Jack Benny and Mary Livingston were at the table, and also Milton and Lucy Berle, Leo Durocher, little Nancy Sinatra, Jimmy Darren. They had no idea who I was! Frank introduced me: "This is Sid Mark from Philadelphia." Then, believe it or not, Sinatra came over and pinched me on the cheek and said, "I'll see you after the show." I said, "I don't have tickets for the show." He said, "You don't need tickets. You're sitting at our table." Everybody was totally surprised that I would get all this attentionwho is this guy? We spent the whole evening together. I always say how hard it was to come back to reality after that! When I returned to Philly, my wife said, "How about taking out the garbage, Sid!" (laughter.) Real life!
AAJ: Such is life!
SM: I always loved live music. When I was a kid, my parents took me to the Ice Capades, where they had a full orchestra. I was thrilled by that sound of the full orchestra.
AAJ: Who were some of Sinatra's favorite musicians and vocalists?

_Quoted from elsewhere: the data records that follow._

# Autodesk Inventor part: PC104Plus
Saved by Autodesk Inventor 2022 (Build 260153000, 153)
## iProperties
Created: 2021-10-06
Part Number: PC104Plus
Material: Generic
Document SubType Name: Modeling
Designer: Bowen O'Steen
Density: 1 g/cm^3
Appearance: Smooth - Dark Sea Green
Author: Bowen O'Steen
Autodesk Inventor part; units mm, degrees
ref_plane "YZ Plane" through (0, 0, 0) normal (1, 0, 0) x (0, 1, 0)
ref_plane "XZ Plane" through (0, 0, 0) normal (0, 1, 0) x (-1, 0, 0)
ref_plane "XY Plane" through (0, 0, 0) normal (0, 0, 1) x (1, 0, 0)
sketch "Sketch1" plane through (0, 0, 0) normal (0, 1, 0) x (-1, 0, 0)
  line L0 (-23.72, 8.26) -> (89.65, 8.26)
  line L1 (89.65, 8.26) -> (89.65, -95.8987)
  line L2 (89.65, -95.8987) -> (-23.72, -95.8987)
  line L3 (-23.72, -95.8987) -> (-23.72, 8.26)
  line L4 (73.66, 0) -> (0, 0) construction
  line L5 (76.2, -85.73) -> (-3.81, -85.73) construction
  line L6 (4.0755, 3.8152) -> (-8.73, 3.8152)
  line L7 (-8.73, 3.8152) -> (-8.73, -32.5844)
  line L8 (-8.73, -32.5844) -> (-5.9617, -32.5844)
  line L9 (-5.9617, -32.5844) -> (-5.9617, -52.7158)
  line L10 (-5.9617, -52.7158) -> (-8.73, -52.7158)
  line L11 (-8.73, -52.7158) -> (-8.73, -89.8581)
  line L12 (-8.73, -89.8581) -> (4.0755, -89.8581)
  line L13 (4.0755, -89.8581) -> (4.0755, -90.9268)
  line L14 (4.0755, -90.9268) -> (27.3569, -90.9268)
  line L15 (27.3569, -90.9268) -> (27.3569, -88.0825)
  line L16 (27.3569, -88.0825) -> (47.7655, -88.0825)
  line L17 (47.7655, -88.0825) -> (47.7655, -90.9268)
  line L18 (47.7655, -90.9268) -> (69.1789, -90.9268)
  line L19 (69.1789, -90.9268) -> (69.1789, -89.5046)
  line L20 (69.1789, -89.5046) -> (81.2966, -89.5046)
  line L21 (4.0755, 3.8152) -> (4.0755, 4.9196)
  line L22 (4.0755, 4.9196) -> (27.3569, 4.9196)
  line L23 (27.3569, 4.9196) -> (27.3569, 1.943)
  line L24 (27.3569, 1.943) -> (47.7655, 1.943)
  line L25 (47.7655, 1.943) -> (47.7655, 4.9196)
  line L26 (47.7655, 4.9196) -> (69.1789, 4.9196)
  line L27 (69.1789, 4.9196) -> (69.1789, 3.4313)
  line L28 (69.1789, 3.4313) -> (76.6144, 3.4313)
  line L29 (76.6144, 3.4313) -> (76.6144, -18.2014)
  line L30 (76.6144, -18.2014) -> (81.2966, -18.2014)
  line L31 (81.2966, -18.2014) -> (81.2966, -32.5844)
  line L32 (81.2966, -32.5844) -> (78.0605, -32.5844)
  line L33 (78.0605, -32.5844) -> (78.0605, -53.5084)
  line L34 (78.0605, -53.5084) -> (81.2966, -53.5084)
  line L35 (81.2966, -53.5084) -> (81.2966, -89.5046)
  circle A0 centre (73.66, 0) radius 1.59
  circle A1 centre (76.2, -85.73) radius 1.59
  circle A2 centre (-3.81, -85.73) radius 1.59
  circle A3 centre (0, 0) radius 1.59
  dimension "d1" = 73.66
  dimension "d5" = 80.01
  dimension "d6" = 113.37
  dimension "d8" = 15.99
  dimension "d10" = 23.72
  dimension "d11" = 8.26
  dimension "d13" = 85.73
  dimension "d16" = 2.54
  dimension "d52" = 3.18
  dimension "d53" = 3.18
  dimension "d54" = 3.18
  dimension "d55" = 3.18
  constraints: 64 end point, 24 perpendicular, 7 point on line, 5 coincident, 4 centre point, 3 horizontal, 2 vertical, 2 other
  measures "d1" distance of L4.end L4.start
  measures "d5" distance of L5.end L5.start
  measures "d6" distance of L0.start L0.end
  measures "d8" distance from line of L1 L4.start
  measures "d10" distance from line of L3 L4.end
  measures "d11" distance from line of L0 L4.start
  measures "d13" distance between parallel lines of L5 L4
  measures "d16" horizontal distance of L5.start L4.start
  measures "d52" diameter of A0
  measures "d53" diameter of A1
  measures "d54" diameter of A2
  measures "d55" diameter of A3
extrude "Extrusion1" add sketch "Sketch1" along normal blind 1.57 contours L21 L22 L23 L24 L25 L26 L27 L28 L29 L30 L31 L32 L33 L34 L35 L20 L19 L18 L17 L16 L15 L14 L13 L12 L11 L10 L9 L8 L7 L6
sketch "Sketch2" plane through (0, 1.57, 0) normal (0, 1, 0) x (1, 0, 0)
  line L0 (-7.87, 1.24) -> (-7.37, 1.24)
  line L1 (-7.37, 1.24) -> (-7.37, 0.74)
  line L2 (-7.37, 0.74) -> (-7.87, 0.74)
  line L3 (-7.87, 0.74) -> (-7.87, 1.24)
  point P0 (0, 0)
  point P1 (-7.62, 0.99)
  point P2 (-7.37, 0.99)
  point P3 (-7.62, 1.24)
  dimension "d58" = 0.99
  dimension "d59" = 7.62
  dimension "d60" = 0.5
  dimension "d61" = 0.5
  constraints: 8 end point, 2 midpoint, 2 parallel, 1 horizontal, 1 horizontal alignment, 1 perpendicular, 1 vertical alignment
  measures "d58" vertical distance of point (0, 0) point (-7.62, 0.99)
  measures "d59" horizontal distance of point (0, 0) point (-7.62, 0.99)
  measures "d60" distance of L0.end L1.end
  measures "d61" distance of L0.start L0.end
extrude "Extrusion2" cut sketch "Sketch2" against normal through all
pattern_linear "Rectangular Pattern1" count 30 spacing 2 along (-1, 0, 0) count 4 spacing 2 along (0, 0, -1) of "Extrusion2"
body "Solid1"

SM: Mabel Mercer. Supposedly, when Frank was a kid, he and Sylvia Syms would go into New York to hear Mabel Mercer and listen to her phrasing. Then they'd go and listen to Billie Holiday. Holiday was one of the most important influences on Frank. He was also influenced by Louis Armstrong, as was Tony Bennett. And of course, as a kid, Frank listened to Bing Crosby. Actually, contrary to the myth, though everyone was trying to sing like Bing, Frank really didn't want to emulate him.
AAJ: Frank was listening a lot to the Tommy Dorsey band.
SM: Yes, and of course Harry James.
AAJ: Steve Allen, who was a terrific pianist, singer, and composer himself, wrote an article about Sinatra.
SM: I knew Steve well, too.
AAJ: Steve took the position that Sinatra was not only a pop singer, but one of the greatest jazz vocalists of all time. Do you agree with that assessment?
SM: The critic Ralph Gleason said that as well, in one of the liner notes. He compared Frank to Segovia, even Picasso. He said that what they were to their art, Frank is to jazz vocalizing.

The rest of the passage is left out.